* What the exercise asks
What is the count of lines below that include "SaveName"? Reply with nothing else.

* Material for this task
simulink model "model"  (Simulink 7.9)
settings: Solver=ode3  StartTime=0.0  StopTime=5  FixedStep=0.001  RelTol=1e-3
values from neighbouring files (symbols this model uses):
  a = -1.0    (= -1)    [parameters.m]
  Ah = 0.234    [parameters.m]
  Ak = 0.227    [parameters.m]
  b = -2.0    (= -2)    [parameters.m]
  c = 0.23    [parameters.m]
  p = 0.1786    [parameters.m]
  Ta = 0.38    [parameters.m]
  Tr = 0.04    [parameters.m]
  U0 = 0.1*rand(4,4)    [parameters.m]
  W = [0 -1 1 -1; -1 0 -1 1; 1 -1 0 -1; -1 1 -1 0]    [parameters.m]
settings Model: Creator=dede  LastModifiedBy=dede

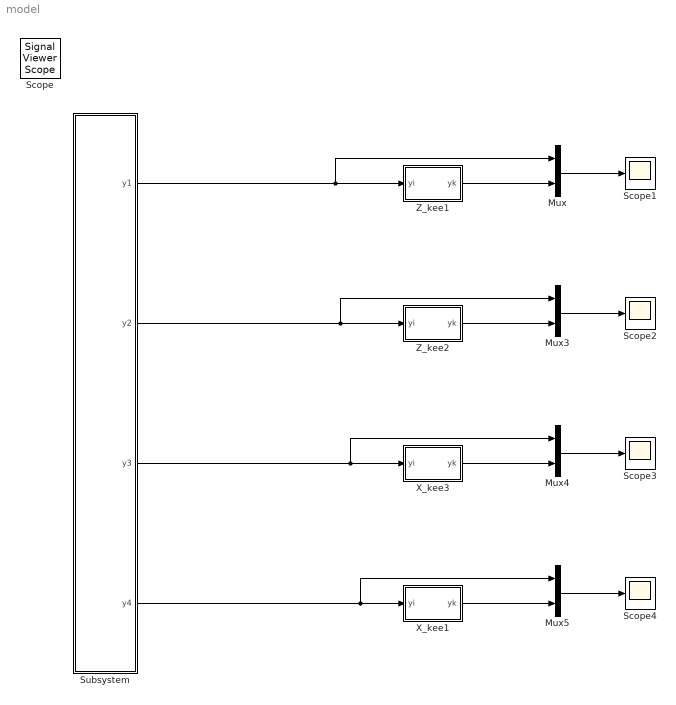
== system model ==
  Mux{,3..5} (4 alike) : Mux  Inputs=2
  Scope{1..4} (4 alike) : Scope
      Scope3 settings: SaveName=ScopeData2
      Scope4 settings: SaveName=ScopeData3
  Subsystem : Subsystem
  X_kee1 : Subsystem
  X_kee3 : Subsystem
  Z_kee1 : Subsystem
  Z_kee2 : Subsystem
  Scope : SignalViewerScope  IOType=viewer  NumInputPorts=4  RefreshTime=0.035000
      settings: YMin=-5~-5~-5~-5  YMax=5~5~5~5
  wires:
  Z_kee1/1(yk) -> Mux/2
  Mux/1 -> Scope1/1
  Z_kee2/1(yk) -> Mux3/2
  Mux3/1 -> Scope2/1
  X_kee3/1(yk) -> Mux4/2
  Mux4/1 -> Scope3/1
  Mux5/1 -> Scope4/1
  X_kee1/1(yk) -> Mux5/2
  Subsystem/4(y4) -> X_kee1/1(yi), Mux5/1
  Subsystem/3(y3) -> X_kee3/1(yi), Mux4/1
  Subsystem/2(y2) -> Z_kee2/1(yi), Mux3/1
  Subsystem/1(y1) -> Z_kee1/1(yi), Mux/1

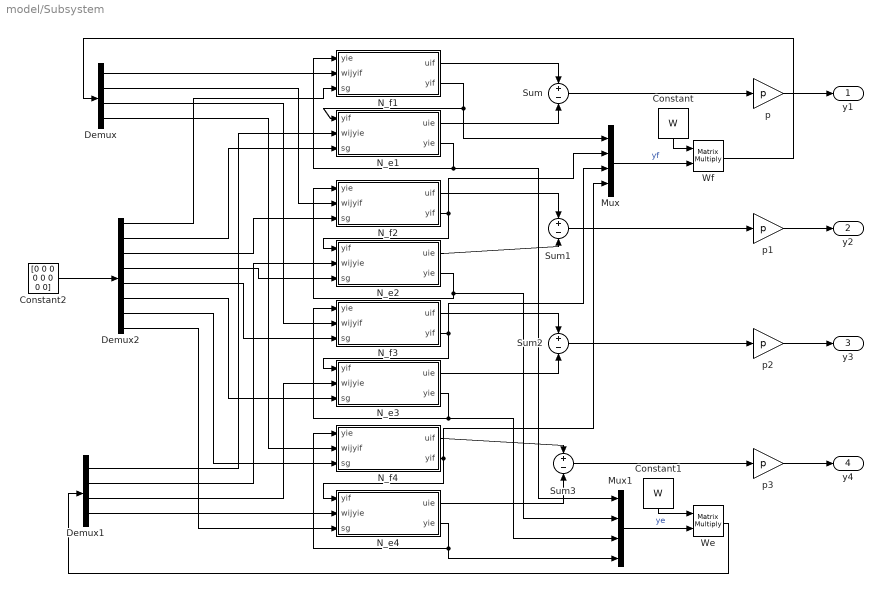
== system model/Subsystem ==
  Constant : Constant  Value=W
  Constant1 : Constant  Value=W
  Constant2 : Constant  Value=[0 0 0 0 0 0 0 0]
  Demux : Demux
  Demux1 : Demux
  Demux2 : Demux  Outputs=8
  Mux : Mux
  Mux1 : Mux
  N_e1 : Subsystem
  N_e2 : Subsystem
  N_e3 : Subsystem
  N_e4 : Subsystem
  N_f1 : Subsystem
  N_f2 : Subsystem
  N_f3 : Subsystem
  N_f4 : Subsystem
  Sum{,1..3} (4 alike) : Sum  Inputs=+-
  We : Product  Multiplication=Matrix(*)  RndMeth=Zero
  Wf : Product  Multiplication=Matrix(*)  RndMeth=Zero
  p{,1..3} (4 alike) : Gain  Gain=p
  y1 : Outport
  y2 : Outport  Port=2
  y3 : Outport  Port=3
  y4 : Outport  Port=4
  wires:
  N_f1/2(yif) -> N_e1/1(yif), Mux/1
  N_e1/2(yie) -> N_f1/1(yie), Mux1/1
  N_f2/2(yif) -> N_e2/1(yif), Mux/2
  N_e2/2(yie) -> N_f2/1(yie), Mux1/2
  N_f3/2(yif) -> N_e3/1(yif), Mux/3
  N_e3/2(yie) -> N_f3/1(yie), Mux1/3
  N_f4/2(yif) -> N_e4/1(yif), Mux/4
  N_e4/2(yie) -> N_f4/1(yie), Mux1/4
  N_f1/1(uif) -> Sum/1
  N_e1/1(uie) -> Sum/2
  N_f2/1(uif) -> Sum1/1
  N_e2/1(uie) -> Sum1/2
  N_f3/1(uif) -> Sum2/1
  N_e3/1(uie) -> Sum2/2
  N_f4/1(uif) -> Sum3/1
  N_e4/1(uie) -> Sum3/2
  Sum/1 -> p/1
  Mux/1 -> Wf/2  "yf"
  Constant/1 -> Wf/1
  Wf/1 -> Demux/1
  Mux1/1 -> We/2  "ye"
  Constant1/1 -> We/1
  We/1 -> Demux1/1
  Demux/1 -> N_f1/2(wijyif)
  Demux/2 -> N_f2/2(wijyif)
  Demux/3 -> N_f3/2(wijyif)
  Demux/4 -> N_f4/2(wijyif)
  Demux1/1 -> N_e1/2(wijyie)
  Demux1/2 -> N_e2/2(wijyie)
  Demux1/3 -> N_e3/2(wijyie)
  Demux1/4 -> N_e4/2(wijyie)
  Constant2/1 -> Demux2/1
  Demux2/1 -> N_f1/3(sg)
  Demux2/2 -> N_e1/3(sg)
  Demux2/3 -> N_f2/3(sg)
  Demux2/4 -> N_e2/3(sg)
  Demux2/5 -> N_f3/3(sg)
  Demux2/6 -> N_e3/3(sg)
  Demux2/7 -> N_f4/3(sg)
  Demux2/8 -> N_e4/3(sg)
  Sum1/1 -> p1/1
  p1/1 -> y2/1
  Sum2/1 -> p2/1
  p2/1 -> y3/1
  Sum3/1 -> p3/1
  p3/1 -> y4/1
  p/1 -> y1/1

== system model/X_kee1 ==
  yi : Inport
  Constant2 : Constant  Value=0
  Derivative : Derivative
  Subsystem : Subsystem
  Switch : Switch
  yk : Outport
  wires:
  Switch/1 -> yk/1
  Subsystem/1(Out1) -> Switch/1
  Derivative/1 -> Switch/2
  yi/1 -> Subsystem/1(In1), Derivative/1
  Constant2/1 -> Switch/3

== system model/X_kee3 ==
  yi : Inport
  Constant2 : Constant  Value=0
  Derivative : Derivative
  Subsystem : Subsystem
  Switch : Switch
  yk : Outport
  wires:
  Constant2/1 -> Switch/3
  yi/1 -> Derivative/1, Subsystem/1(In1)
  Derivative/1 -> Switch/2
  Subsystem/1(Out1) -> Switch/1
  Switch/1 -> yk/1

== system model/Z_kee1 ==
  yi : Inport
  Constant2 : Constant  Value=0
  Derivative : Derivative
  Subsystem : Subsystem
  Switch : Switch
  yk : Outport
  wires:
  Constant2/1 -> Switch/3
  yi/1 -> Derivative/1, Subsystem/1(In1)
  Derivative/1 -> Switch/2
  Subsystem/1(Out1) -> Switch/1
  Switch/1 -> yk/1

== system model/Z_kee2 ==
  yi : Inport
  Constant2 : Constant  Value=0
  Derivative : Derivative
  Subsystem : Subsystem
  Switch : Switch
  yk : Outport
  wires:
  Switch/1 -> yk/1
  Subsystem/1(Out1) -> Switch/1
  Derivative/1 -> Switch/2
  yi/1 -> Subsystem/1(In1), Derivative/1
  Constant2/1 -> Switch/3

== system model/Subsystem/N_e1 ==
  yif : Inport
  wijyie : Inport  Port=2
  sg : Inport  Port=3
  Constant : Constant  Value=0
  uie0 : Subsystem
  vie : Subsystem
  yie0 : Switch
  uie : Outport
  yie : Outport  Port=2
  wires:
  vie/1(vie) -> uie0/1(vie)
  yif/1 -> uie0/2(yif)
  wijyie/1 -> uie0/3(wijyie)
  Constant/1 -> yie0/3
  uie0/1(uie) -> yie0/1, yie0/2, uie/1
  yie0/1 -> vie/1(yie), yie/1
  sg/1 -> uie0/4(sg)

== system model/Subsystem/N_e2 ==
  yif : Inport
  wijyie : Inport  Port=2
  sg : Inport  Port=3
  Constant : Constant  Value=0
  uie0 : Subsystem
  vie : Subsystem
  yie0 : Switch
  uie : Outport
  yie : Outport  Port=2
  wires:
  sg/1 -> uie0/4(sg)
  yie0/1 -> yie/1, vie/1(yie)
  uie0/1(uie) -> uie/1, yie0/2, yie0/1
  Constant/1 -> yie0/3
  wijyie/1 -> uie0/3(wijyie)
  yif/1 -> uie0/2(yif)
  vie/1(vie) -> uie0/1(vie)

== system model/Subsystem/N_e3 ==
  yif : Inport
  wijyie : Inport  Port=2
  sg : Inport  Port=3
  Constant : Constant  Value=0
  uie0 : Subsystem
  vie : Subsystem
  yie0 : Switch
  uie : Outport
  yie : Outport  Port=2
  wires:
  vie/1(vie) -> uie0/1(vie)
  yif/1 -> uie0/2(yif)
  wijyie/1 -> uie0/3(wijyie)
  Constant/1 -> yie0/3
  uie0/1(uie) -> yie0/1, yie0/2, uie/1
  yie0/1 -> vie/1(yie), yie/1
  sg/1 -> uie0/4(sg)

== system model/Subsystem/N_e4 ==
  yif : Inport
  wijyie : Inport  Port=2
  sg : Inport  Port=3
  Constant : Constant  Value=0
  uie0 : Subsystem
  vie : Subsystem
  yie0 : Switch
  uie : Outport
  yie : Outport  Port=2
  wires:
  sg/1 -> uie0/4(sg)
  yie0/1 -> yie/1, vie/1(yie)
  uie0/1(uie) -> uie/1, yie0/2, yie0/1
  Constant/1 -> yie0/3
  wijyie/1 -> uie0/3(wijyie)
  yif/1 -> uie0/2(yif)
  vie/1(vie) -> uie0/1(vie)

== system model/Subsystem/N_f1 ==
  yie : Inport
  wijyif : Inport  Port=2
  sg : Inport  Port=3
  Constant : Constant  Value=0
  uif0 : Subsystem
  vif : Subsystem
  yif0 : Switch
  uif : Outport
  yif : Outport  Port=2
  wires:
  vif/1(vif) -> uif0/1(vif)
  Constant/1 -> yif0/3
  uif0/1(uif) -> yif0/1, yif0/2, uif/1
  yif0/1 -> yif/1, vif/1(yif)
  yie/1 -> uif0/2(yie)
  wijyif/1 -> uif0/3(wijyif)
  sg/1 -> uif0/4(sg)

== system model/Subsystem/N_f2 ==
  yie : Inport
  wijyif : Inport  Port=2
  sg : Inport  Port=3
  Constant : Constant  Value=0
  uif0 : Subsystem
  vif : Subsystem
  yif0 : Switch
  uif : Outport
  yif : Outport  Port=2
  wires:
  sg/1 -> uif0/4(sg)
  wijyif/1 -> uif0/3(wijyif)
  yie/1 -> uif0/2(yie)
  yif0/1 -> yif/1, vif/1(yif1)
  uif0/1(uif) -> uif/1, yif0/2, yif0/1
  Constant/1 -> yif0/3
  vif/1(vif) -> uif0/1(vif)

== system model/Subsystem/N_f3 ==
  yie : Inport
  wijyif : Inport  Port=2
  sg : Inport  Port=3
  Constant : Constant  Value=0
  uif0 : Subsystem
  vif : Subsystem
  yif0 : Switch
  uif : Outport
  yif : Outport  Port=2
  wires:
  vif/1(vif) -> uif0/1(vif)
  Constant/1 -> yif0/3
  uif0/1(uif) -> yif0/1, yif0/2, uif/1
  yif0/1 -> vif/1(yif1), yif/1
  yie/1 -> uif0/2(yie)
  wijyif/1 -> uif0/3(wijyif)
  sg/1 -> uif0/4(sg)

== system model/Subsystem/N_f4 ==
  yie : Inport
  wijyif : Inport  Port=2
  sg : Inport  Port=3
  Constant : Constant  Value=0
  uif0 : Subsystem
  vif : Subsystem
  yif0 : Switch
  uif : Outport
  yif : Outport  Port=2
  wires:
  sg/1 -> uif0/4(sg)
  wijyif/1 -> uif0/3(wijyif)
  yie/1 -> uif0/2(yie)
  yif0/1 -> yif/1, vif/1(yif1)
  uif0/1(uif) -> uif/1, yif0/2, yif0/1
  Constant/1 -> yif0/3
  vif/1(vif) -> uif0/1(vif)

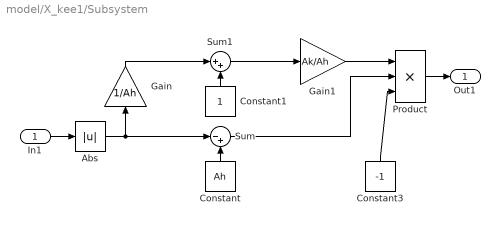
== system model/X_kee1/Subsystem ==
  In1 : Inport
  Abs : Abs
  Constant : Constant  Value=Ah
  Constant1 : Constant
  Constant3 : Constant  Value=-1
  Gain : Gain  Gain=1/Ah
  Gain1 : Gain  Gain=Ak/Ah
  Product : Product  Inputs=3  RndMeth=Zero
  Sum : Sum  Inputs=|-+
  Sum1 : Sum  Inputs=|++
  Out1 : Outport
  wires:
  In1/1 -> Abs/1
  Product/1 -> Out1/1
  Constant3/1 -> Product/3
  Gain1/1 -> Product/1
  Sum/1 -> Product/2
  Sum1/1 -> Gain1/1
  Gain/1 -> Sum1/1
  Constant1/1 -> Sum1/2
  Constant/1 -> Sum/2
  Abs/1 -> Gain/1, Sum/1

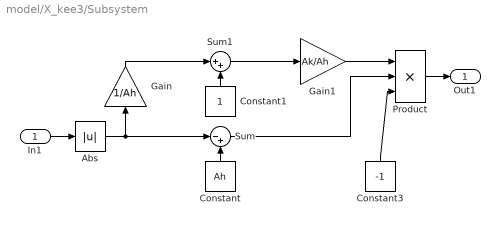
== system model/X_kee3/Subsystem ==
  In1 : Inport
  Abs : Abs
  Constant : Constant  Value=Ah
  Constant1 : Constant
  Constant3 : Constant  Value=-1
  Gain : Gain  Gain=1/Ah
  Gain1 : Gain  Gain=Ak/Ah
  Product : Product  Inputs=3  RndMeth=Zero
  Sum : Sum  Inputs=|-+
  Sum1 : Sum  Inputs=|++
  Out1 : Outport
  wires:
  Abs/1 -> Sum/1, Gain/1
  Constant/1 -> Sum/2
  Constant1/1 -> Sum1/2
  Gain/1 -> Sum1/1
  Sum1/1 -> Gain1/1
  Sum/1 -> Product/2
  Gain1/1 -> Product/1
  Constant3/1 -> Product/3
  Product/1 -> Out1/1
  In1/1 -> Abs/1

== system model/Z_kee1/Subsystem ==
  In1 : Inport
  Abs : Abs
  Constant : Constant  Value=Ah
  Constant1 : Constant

* Answer to the problem
2